On 4/17/2013 4:40 PM, Terry Jan Reedy wrote:
> On 4/17/2013 6:47 AM, Olivier Berger wrote:
>> I've filed a wishlist at : http://bugs.python.org/issue17760 about the
>> potential need for translated UI elements in IDLE. In our case, french
>> would be an example language.
>> It was suggested to me to forward the request to this list.
> That was my suggestiion. Thank you for paying attention ;-).
>> I hope this is not a FAQ (although I'd be surprised to be the first to
>> raise this need), as I haven't checked the list archives.

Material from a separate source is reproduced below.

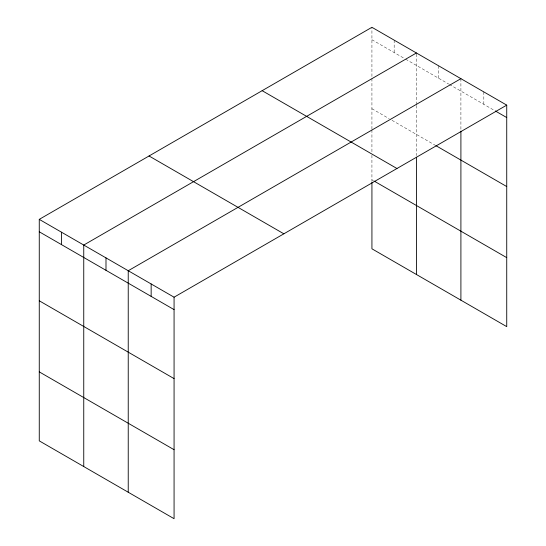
<?xml version="1.0" encoding="UTF-8"?>
<svg xmlns="http://www.w3.org/2000/svg" width="546" height="546" viewBox="0 0 546 546"><rect width="100%" height="100%" fill="white"/><g stroke="black" fill="none" stroke-linecap="round" stroke-linejoin="round"><path stroke-width="0.41" stroke-dasharray="2.73 2.05" d="M371.928 129.033L371.928 27.3M416.414 105.446L416.414 155.562M416.414 104.593L416.414 52.982M371.928 39.728L404.934 58.784M405.651 59.2L448.703 84.057M449.419 84.466L494.567 110.531M371.928 108.722L389.148 118.666M392.021 120.325L435.073 145.181M371.928 179.811L373.362 180.637M483.824 91.899L483.824 104.327M460.906 78.672L460.906 130.282M438.656 65.827L438.656 78.255M394.171 40.145L394.171 52.573M371.928 129.88L371.928 151.884M371.928 155.269L371.928 181.511"/><path stroke-width="0.82" d="M506.736 105.132L371.928 27.3L39.264 219.362L39.264 440.868L174.072 518.7L174.072 297.195L506.736 105.132L506.736 326.638L371.928 248.805L371.928 182.364M416.414 52.982L83.75 245.052L83.75 466.55M460.906 78.672L128.235 270.734L128.235 492.239M495.277 110.947L506.736 117.561M435.79 145.591L506.736 186.555M262.148 90.684L396.956 168.509M374.085 181.054L506.736 257.644M149.044 155.985L283.852 233.811M39.264 219.362L174.072 297.195M39.264 231.791L174.072 309.623M39.264 300.785L174.072 378.617M39.264 371.874L174.072 449.706M460.906 131.129L460.906 300.17M416.414 157.255L416.414 274.488M151.153 283.961L151.153 296.389M105.992 257.889L105.992 270.318M61.507 232.207L61.507 244.635"/></g></svg>

> Internationalization has been an issue, and a controversial one, for at
> least a decade. Let's categorize things that could be translated to
> reach more people.
> For Python itself, there are the keywords (about 25), the builtin names
> (< 100), the stdlib module names (a few hundred), the names within
> stdlib modules (a few tens of thousands), docstrings, the tutorial, the
> other manuals, and let us not forget, the tracebacks, exception names,
> and exception messages.
> For the community, there are mailing lists, web pages, and books
> (already done as people have taken the initiative to do so).\
> For Idle, there is the UI and the belp page. The help page is currently
> a text file separate from the manual. There is an issue to synchronize
> the help file with the maunal chapter and then just use the manual
> chapter. Even when that is done, we could have a mechanism to grab
> translations of the manual chapter. I would be fine with that if there
> was a commitment from someone to do at least one translation.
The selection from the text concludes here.